Analysis is performed utilizing more than 230 different features, subsequently selected by an sequential forward search. For training, OCT images are segmented by hand and a number of texture features are extracted. A sequential forward search algorithm is used to reduce the search space to find the near best feature set, and for each layer the distribution of selected features is modeled by a Gaussian. To classify each layer Mahanalobis distance is used to determine which layer each pixel is closest to in the feature space. In the next stage, force fields are constructed reflecting the texture distribution in the image and the level set method is run for each layer, so that expanding curves mark smooth boundaries between the layers.
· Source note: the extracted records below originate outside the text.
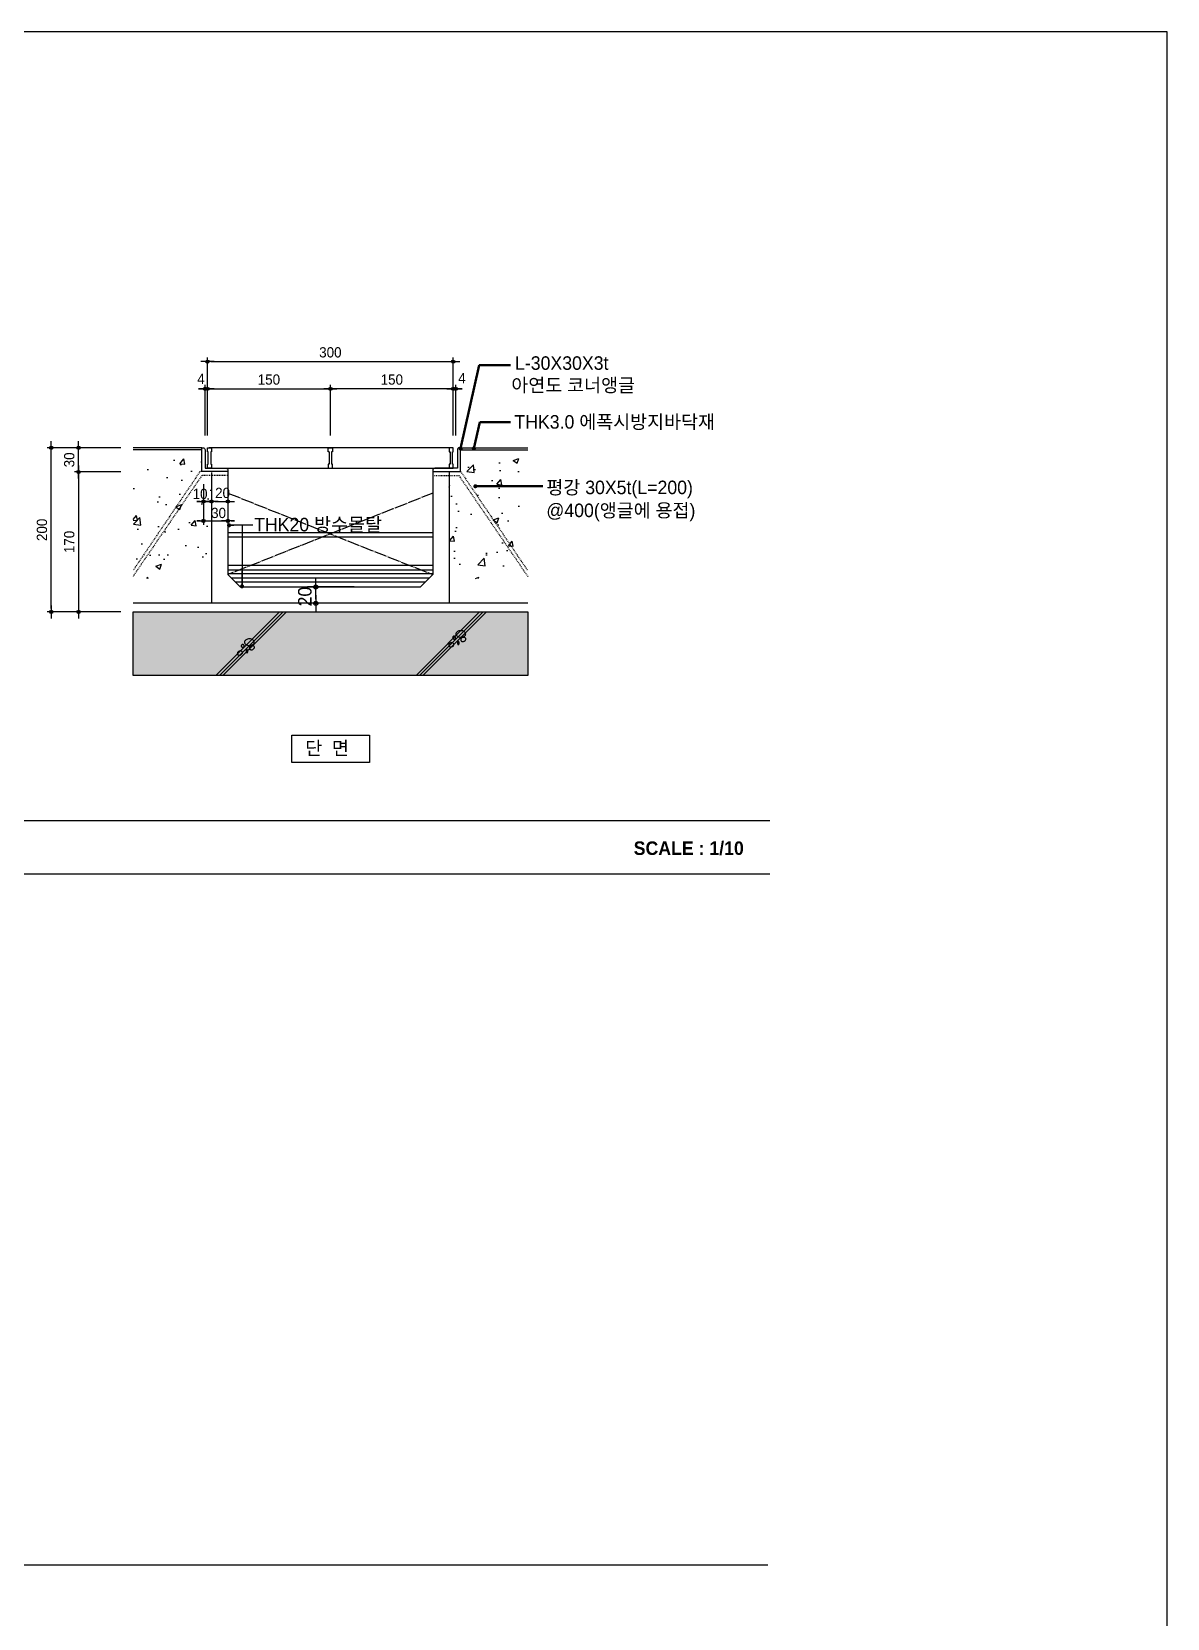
# Model space of a CAD drawing. Header units: millimetres. Extents: x 190 to 16800, y 0 to 5940.
# Drawn here: x 14029 to 16800, y 2068 to 5940 of the extents above; entities that cross this region are included whole.
import ezdxf

# ---------------------------------------------------------------- set-up
doc = ezdxf.new("R2010")
doc.units = ezdxf.units.MM
doc.linetypes.add('CEN', pattern=[35, 30, -2, 1, -2])
doc.linetypes.add('H4', pattern=[4, 2, -2])
for name, color, linetype in [('1', 1, 'Continuous'), ('3TEX', 3, 'Continuous'), ('4', 4, 'Continuous'), ('5FIN', 5, 'Continuous'), ('6', 6, 'Continuous'), ('6A', 6, 'H4'), ('7', 7, 'Continuous'), ('7DIM', 9, 'Continuous'), ('8', 8, 'Continuous'), ('9', 9, 'Continuous'), ('CEN', 1, 'CEN'), ('DIM', 7, 'Continuous'), ('F', 4, 'Continuous'), ('FIN', 6, 'Continuous'), ('HATC', 1, 'Continuous'), ('SOLID', 253, 'Continuous'), ('STL', 3, 'Continuous'), ('SY', 1, 'Continuous'), ('WA1', 3, 'Continuous')]:
    doc.layers.add(name, color=color, linetype=linetype)
doc.styles.add('1', font='')
doc.styles.add('나눔고딕', font='')
doc.styles.get('1').set_extended_font_data('Dotum')
doc.styles.get('나눔고딕').set_extended_font_data('Dotum')
doc.dimstyles.new('DIM1', dxfattribs={"dimtxt": 3.5, "dimasz": 0.8, "dimexe": 1, "dimexo": 3, "dimgap": 1, "dimtad": 1, "dimdec": 0, "dimzin": 1, "dimlunit": 6, "dimtxsty": '나눔고딕', "dimblk": 'DIMDOT', "dimcen": 1, "dimclrd": 256, "dimclre": 256, "dimclrt": 3, "dimadec": 0, "dimazin": 0, "dimtfac": 1, "dimtdec": 0, "dimtix": 1, "dimtmove": 2, "dimatfit": 3, "dimldrblk": 'DIMDOT', "dimfxl": 1, "dimtolj": 1, "dimarcsym": 0})
doc.dimstyles.new('SAMOO-3', dxfattribs={"dimscale": 300, "dimtxt": 3.0005, "dimasz": 1, "dimexe": 2, "dimexo": 2, "dimgap": 1, "dimtad": 1, "dimdec": 0, "dimdsep": 46, "dimlunit": 6, "dimtxsty": '1', "dimblk1": 'DIMDOT', "dimblk2": 'DIMDOT', "dimsah": 1, "dimcen": 2.5, "dimdle": 1.5, "dimclrd": 8, "dimclre": 8, "dimclrt": 3, "dimadec": 0, "dimazin": 0, "dimtfac": 1, "dimtdec": 0, "dimtix": 1, "dimtmove": 2, "dimatfit": 3, "dimldrblk": 'DIMDOT', "dimfxl": 1, "dimtvp": 1, "dimtolj": 1, "dimtzin": 0, "dimarcsym": 0})

# ---------------------------------------------------------------- blocks, each defined once
blk = doc.blocks.new('DIMDOT')
at = {"color": 0}
blk.add_line((-2, 0), (2, 0), dxfattribs=at)
for radius in [0.5, 0.25]:
    blk.add_circle((0, 0), radius, dxfattribs=at)
blk = doc.blocks.new('*D257')
at = {"layer": '7DIM', "lineweight": -2, "transparency": 16777216}
for p, q in [((15057.4, 4954.5), (15057.4, 5078.4)), ((15063.4, 4954.5), (15063.4, 5078.4)), ((15049.4, 5068.4), (15041.4, 5068.4)), ((15063.4, 5068.4), (15057.4, 5068.4)), ((15071.4, 5068.4), (15079.4, 5068.4))]:
    blk.add_line(p, q, dxfattribs=at)
at = {"layer": 'Defpoints', "color": 0, "transparency": 16777216}
for p in [(15057.4, 5068.4), (15057.4, 4924.5), (15063.4, 4924.5)]:
    blk.add_point(p, dxfattribs=at)
at = {"layer": '7DIM', "lineweight": -2, "transparency": 16777216, "xscale": 8, "yscale": 8, "zscale": 8}
blk.add_blockref('DIMDOT', (15057.4, 5068.4), dxfattribs=at)
at = {"layer": '7DIM', "lineweight": -2, "transparency": 16777216, "xscale": 8, "yscale": 8, "zscale": 8, "rotation": 180}
blk.add_blockref('DIMDOT', (15063.4, 5068.4), dxfattribs=at)
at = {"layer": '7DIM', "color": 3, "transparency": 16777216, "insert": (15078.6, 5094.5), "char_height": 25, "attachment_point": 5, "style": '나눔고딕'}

A set of ten normal subjects was used to build the classification set. Training data was manually segmented by independent, skilled operators and was compared to automatically segmented test data. All major intraretinal layers and their interfaces were indicated; these include the nerve fiber layer (NFL), ganglion cell layer and inner plexiform layer (GC/IPL), Henle fiber layer and outer plexiform layer (HF/OPL), outer nuclear layer (ONL), inner segment of photoreceptor layer (IS PR), outer segment of photoreceptor layer (OS PR) and the retinal pigment epithelium (RPE). The automated segmentation of these layers for the parafoveal tomogram and the central foveal tomogram was achieved with high accuracy compared to manual expert segmentation.
The preliminary results already show the huge potential of this technique and are likely to improve with further training and fine tuning. Combining texture based analysis with level set method gives segmentation results superior to any OCT segmentation method presented so far.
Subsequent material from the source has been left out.